I sat on the floor, baby in my lap, as he drooled all over his toy. On the other side of the room, my toddler ran around playing with the other toddlers, kids busy shrieking with joy and frustration. Clustered together, the moms chatted, getting some much-needed time with other adults. At this particular play date, I was new to the area and just getting to know these women. We discussed normal things like, “Where are you from, and what do you do for work?”
Occasionally in situations like this, I’ll throw out a specific question or statement to see what kind of parenting style or personalities the people I’m getting to know might have; something simple like, “I don’t know about you, but I’m not a huge fan of bath time….” If, after I state my feelings about bath time, a mom declares how she loves giving her kids baths and how it’s a part of their nightly bedtime routine, then my response is usually, “That’s awesome! I’m so glad that works for you and the kids!” But if the mom’s response is more like, “Yeah! Bathtime is not my favorite, either. I’m so tired at the end of the day; we probably don’t do it as much as we should...” Then I grab on! Aha!!

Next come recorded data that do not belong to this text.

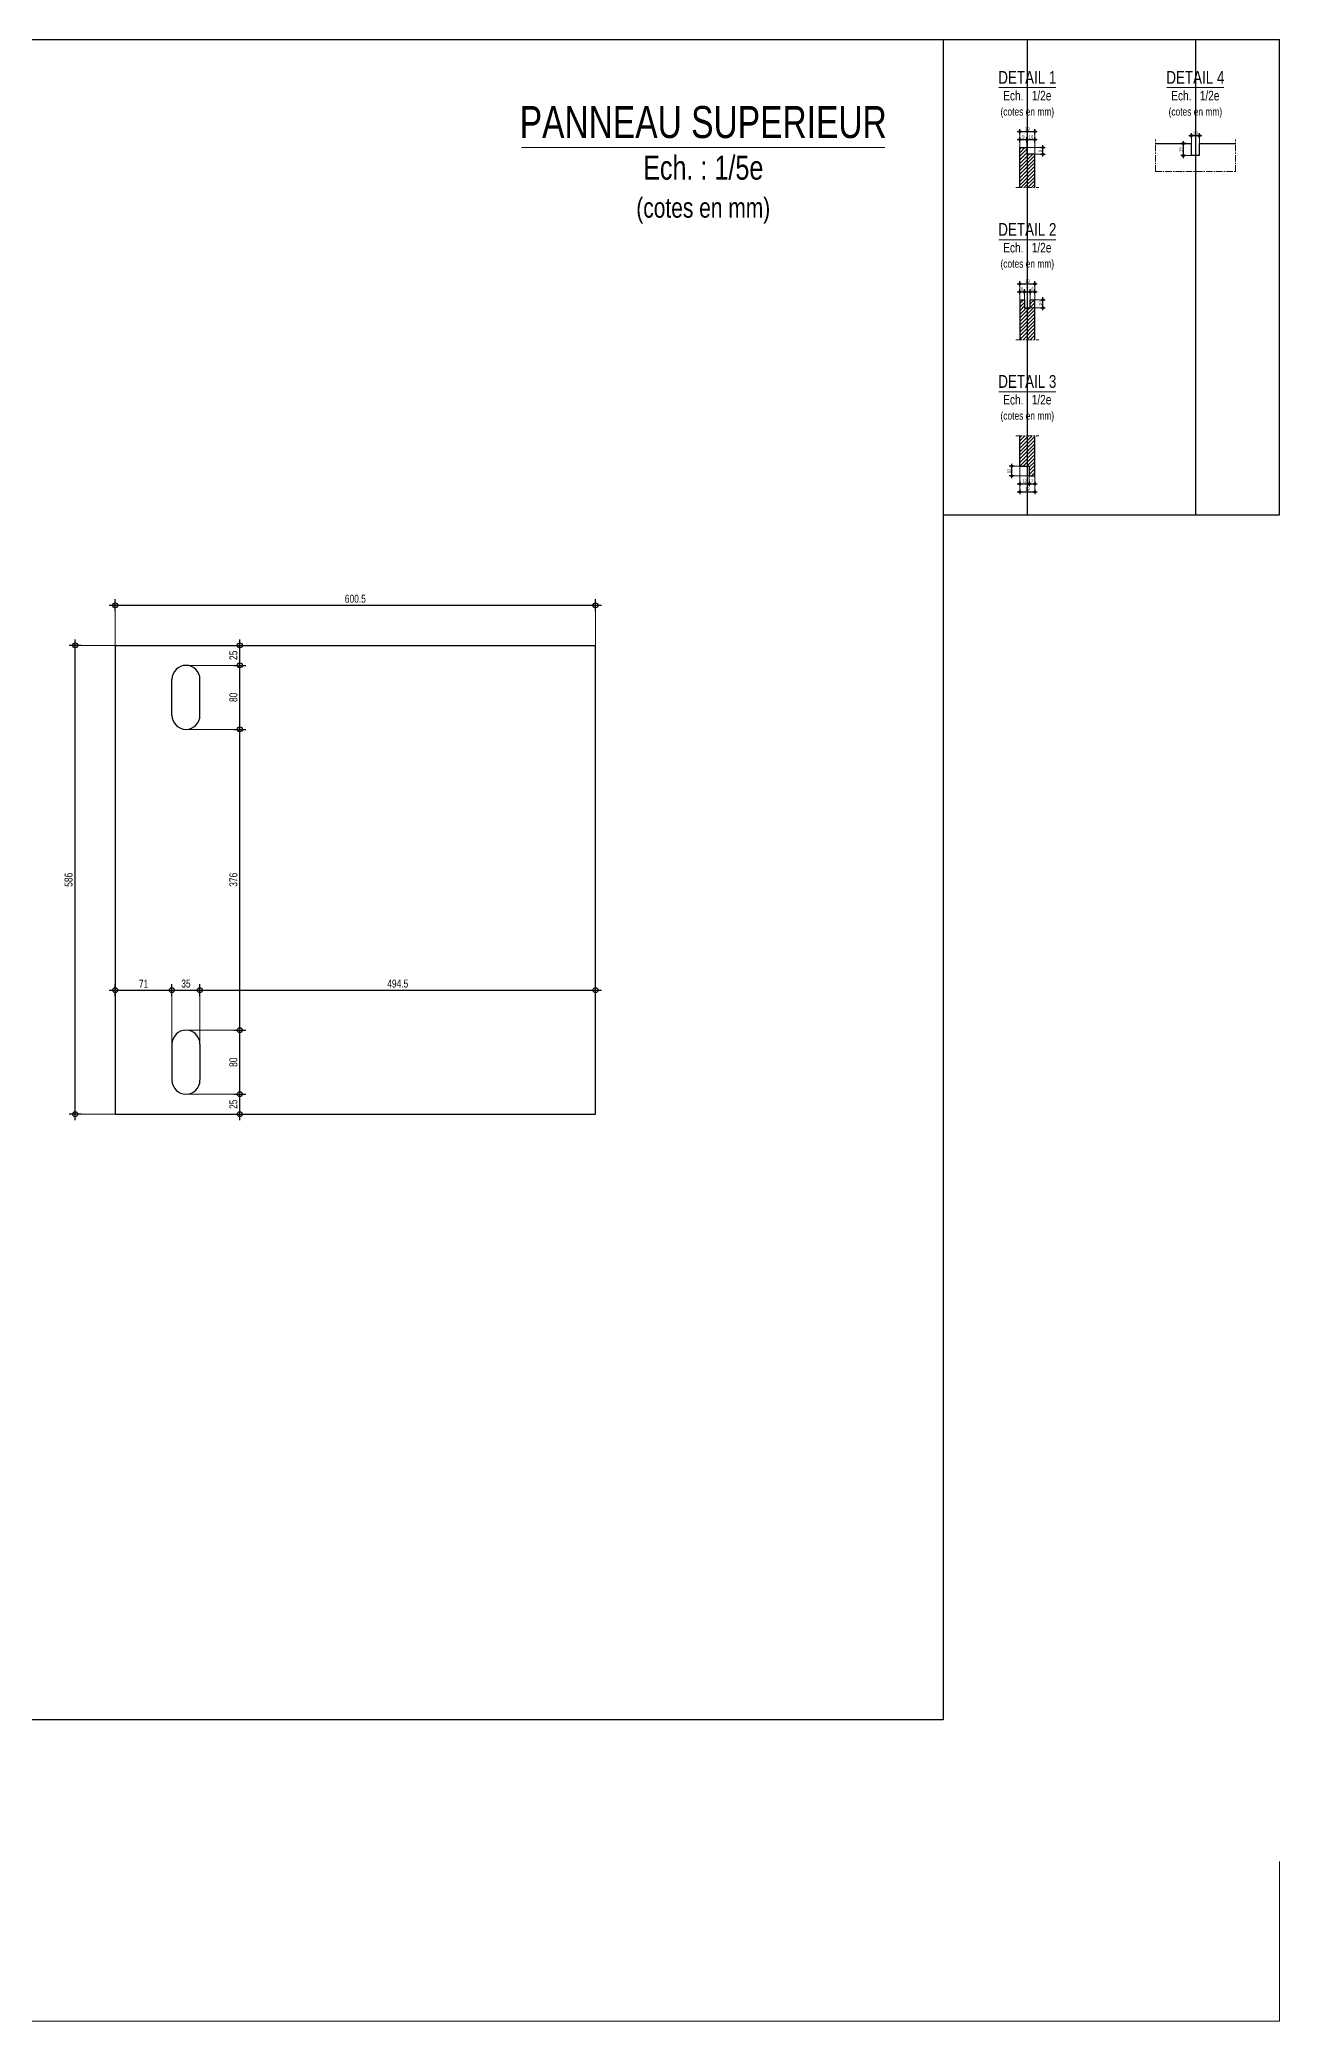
# Model space of a CAD drawing. Header units: millimetres. Extents: x -638 to 26377, y -728 to 1951.
# Drawn here: x 24828 to 26377, y -577 to 1900 of the extents above; entities that cross this region are included whole.
import ezdxf
from ezdxf.enums import TextEntityAlignment as Align

# ---------------------------------------------------------------- set-up
doc = ezdxf.new("R2010")
doc.units = ezdxf.units.MM
doc.linetypes.add('AXES', pattern=[50.8, 31.75, -6.35, 6.35, -6.35])
doc.layers.get('0').update_dxf_attribs({"color": 1, "lineweight": 100})
doc.layers.add('_Aide', color=5, linetype='Continuous', plot=False)
for name, color, linetype, lineweight in [('Cotes', 8, 'Continuous', 18), ('Cotes @ 2', 8, 'Continuous', 18), ('Hachures', 8, 'Continuous', 13), ('Hachures @ 2', 8, 'Continuous', 13), ('Hachures @ 5', 8, 'Continuous', 13), ('Plan', 7, 'Continuous', 25), ('Texte', 30, 'Continuous', 18)]:
    doc.layers.add(name, color=color, linetype=linetype, lineweight=lineweight)
doc.styles.get("Standard").update_dxf_attribs({"font": 'arial.ttf', "width": 0.75})
doc.dimstyles.new('Annotatif', dxfattribs={"dimscale": 0, "dimtxt": 2, "dimasz": 2.5, "dimexe": 1.5, "dimexo": 0, "dimtad": 1, "dimdec": 0, "dimtxsty": 'Standard', "dimblk": 'SMALL', "dimcen": 0, "dimdle": 1.5, "dimadec": 0, "dimazin": 0, "dimtfac": 1, "dimtdec": 0, "dimtix": 1, "dimtmove": 2, "dimatfit": 3, "dimfxl": 1.5, "dimfxlon": 1, "dimarcsym": 0})
pattern_1 = [(45, (17149.5, -5), (-2.245064, 2.245064), [])]

# ---------------------------------------------------------------- blocks, each defined once
blk = doc.blocks.new('_Small')
at = {"color": 0, "linetype": 'ByBlock', "lineweight": -2}
blk.add_circle((0, 0), 0.25, dxfattribs=at)
blk = doc.blocks.new('*D775')
at = {"layer": 'Cotes', "color": 0, "lineweight": -2, "transparency": 16777216}
for p, q in [((26049.5, 1775), (26064.5, 1775)), ((26052.5, 1772), (26052.5, 1778)), ((26061.5, 1772), (26061.5, 1778))]:
    blk.add_line(p, q, dxfattribs=at)
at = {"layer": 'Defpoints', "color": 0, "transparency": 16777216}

“Oh, me too!” I respond. “Honestly… unless they really need it, baths are more weekly in our house than nightly!”
“Really?” She says, “I sometimes feel like I’m the only one who struggles with it!”
We have found something we can relate to, and an opportunity to bond over a shared struggle is born.
When I put statements out there like that, sure, I want to get to know the other women better. But honestly, I’m also fishing to see if they are like me. The question behind the question is, “Do you have struggles like mine?”
Sharing our struggles is hard, especially if I want to have a perfect mom facade. Ok, maybe not perfect. But how about at least “put together”? It’s scary to share my struggle and to show that I have cracks because once I’ve shown my cards, I open myself up for judgment.
However, there is something in us that longs to put down the facade and ask, “Do you struggle like I do? Please tell me I’m not the only one?” And when one person is willing to go first and show some of their own cracks, you might find the next person’s wall starts to come down and be vulnerable about their own cracks.
There have been times when I’ve felt like the only one with problems and when I’ve felt isolated in my issues. But in truth, we all have issues, and our issues can lead to thinking things like, “I must keep my problems hidden. No one needs to know my pain or how hard and ugly my struggle is! It’s selfish and embarrassing to burden others with this!”
Left to ourselves, we search for solutions, a program, a cure. We ask, “How can I figure this out? Do I need a better routine, more patience, and a better night’s sleep?” or “Maybe if I lose the weight, or get that raise, then I can be the person I “know” I can be…” These are both the types of thoughts that my sinful heart feeds on, as well as the lies the enemy shouts at us. The enemy wants to keep us feeling isolated with our thoughts faced inward, searching for our own solutions.
We all have cracks or even gaping holes. We all have a sin condition that leaves us broken and imperfect. The struggles look different for each of us, but each one of us has them. It feels good when we can be honest with certain people about those deep inner issues. It feels good to hear that we are not “the only one.”
However, even in identifying with each other and being honest with our problems, we have a tendency to twist the use of sharing our struggles to lessen the weight of our own broken state. We start to twist it when we use others’ struggles to justify our actions or sin problems. Our related struggles shouldn’t be an excuse to justify our actions. Instead, God’s law proclaims to us our related struggles and points us to our related need, and then God’s gospel points us to Christ.
Christ proclaims we can rest in our forgiveness on his behalf. And on account of him, we can let others know that forgiveness and peace at the cross are for them, too. Christ turns us from facing inward for solutions to facing the finished work of the cross that states, “It is finished.”
Of course, skipping bath time is not a sin struggle. But it does serve as a mostly safe “open door” to admitting deeper struggles. The first cracks we show are often the small “acceptable” ones, but over time they give way to the big ones we know we shouldn’t have – the issues we hold close to the chest and are embarrassed to admit to just anyone. When the door opens to those conversations, the message of the cross is close at hand.
The cross is close when you both find yourselves sharing your heart and admitting your weakness and your need. This is when we can point and be pointed to the cross where Jesus meets us with outstretched hands, taking our burdens and proclaiming forgiveness. Only Christ on the cross can take away the hold and the isolation the enemy makes us feel trapped in. There is no sin, problem, or weakness that is too big for our Lord and Savior. There is nothing that was not defeated through Jesus’ death and resurrection. Christ takes our problems, our struggles, and our sin and tells us we are forgiven. He tells us we are never alone, and in him, we are always enough.